-
Notifications
You must be signed in to change notification settings - Fork 77
Description
Is there an existing issue for this?
- I have searched the existing issues
Problem statement
When monitoring data quality at scale, users often need to detect "unusual" records that don't fit expected patterns - such as sensor malfunctions or data entry errors that are difficult to catch with simple threshold rules.
- Data drift - Distribution of values gradually shifts in ways that indicate something broke in the pipeline
- Data entry errors - Someone enters values in wrong units (meters vs millimeters), transposes digits, or copies garbage
- Integration mismatches - Data from System A looks completely different than usual after a silent schema change upstream
- Multivariate anomalies - Individual columns look normal, but the combination is unusual (e.g., age=25, years_experience=40)

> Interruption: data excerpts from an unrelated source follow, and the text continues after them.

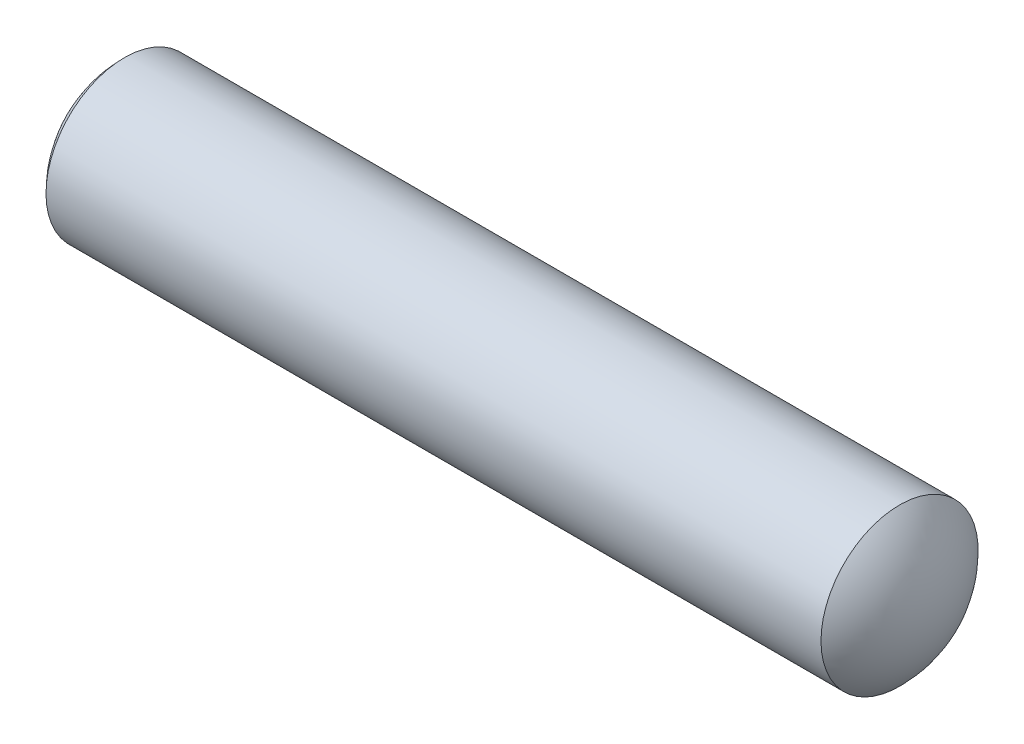
ISO-10303-21;
HEADER;
FILE_DESCRIPTION(('STEP AP214'),'2;1');
FILE_NAME('part.step','',(''),(''),'','','');
FILE_SCHEMA(('AUTOMOTIVE_DESIGN { 1 0 10303 214 1 1 1 1 }'));
ENDSEC;
DATA;
#1=APPLICATION_CONTEXT('core data for automotive mechanical design processes');
#2=APPLICATION_PROTOCOL_DEFINITION('international standard','automotive_design',2000,#1);
#3=PRODUCT_CONTEXT('',#1,'mechanical');
#4=PRODUCT('Part','Part','',(#3));
#5=PRODUCT_RELATED_PRODUCT_CATEGORY('part','',(#4));
#6=PRODUCT_DEFINITION_FORMATION('','',#4);
#7=PRODUCT_DEFINITION_CONTEXT('part definition',#1,'design');
#8=PRODUCT_DEFINITION('design','',#6,#7);
#9=PRODUCT_DEFINITION_SHAPE('','',#8);
#10=(LENGTH_UNIT() NAMED_UNIT(*) SI_UNIT(.MILLI.,.METRE.));
#11=(NAMED_UNIT(*) PLANE_ANGLE_UNIT() SI_UNIT($,.RADIAN.));
#12=(NAMED_UNIT(*) SI_UNIT($,.STERADIAN.) SOLID_ANGLE_UNIT());
#13=UNCERTAINTY_MEASURE_WITH_UNIT(LENGTH_MEASURE(1.E-05),#10,'distance_accuracy_value','');
#14=(GEOMETRIC_REPRESENTATION_CONTEXT(3) GLOBAL_UNCERTAINTY_ASSIGNED_CONTEXT((#13)) GLOBAL_UNIT_ASSIGNED_CONTEXT((#10,
#11,#12)) REPRESENTATION_CONTEXT('',''));
#15=CARTESIAN_POINT('',(0.,0.,0.));
#16=DIRECTION('',(0.,0.,1.));
#17=DIRECTION('',(1.,0.,0.));
#18=AXIS2_PLACEMENT_3D('',#15,#16,#17);
#19=CARTESIAN_POINT('',(15.1875,20.449194000159,6.00442511768297));
#20=DIRECTION('',(0.,-0.281732556841429,0.959492973614498));
#21=DIRECTION('',(1.,0.,0.));
#22=AXIS2_PLACEMENT_3D('',#19,#20,#21);
#23=SPHERICAL_SURFACE('',#22,1.8375);
#24=CARTESIAN_POINT('',(15.1875,20.449194000159,6.00442511768297));
#25=DIRECTION('',(-1.,0.,0.));
#26=DIRECTION('',(0.,-0.959492973614497,-0.28173255684143));
#27=AXIS2_PLACEMENT_3D('',#24,#25,#26);
#28=SPHERICAL_SURFACE('',#27,1.8375);
#29=CARTESIAN_POINT('',(16.4734821149612,20.449194000159,6.00442511768297));
#30=DIRECTION('',(-1.,0.,0.));
#31=DIRECTION('',(0.,-0.959492973614497,-0.28173255684143));
#32=AXIS2_PLACEMENT_3D('',#29,#30,#31);
#33=CIRCLE('',#32,1.3125);
#34=CARTESIAN_POINT('',(16.4734821149612,19.18985947229,5.63465113682859));
#35=VERTEX_POINT('',#34);
#36=EDGE_CURVE('E11',#35,#35,#33,.T.);
#37=ORIENTED_EDGE('',*,*,#36,.F.);
#38=EDGE_LOOP('',(#37));
#39=FACE_BOUND('',#38,.T.);
#40=ADVANCED_FACE('F17',(#39),#28,.T.);
#41=CARTESIAN_POINT('',(10.,20.449194000159,6.00442511768297));
#42=DIRECTION('',(-1.,0.,0.));
#43=DIRECTION('',(0.,-0.959492973614497,-0.28173255684143));
#44=AXIS2_PLACEMENT_3D('',#41,#42,#43);
#45=CYLINDRICAL_SURFACE('',#44,1.3125);
#46=CARTESIAN_POINT('',(3.52651788503884,20.449194000159,6.00442511768297));
#47=DIRECTION('',(-1.,0.,0.));
#48=DIRECTION('',(0.,-0.959492973614497,-0.28173255684143));
#49=AXIS2_PLACEMENT_3D('',#46,#47,#48);
#50=CIRCLE('',#49,1.3125);
#51=CARTESIAN_POINT('',(3.52651788503884,19.18985947229,5.63465113682859));
#52=VERTEX_POINT('',#51);
#53=EDGE_CURVE('E27',#52,#52,#50,.T.);
#54=ORIENTED_EDGE('',*,*,#53,.F.);
#55=EDGE_LOOP('',(#54));
#56=FACE_BOUND('',#55,.T.);
#57=ORIENTED_EDGE('',*,*,#36,.T.);
#58=EDGE_LOOP('',(#57));
#59=FACE_BOUND('',#58,.T.);
#60=ADVANCED_FACE('F19',(#56,#59),#45,.T.);
#61=CARTESIAN_POINT('',(4.8125,20.449194000159,6.00442511768297));
#62=DIRECTION('',(0.,-0.281732556841429,0.959492973614498));
#63=DIRECTION('',(-1.,0.,0.));
#64=AXIS2_PLACEMENT_3D('',#61,#62,#63);
#65=SPHERICAL_SURFACE('',#64,1.8375);
#66=CARTESIAN_POINT('',(4.8125,20.449194000159,6.00442511768297));
#67=DIRECTION('',(-1.,0.,0.));
#68=DIRECTION('',(0.,-0.959492973614497,-0.28173255684143));
#69=AXIS2_PLACEMENT_3D('',#66,#67,#68);
#70=SPHERICAL_SURFACE('',#69,1.8375);
#71=ORIENTED_EDGE('',*,*,#53,.T.);
#72=EDGE_LOOP('',(#71));
#73=FACE_BOUND('',#72,.T.);
#74=ADVANCED_FACE('F40',(#73),#70,.T.);
#75=CLOSED_SHELL('',(#40,#60,#74));
#76=MANIFOLD_SOLID_BREP('B1',#75);
#77=ADVANCED_BREP_SHAPE_REPRESENTATION('',(#18,#76),#14);
#78=SHAPE_DEFINITION_REPRESENTATION(#9,#77);
ENDSEC;
END-ISO-10303-21;

Currently, users must manually set static thresholds for each column. Issue #359 adds has_no_outliers() for single-column statistical outlier detection (MAD, Z-score, IQR), but this doesn't catch:
- Anomalies that only appear when looking at multiple columns together
- Distribution drift over time
- Patterns that are hard to define with simple statistical thresholds
Databricks native anomaly detection monitors table freshness and row counts, but doesn't catch unusual values within individual records.
Proposed Solution
ML-based Anomaly Detection with simple APIs and hidden complexity
1. Training an Anomaly Model
We can create a new module "anomaly" as we need a way to "train" a model on historical "normal" data. MLflow/Unity Catalog registration is handled internally by DQX.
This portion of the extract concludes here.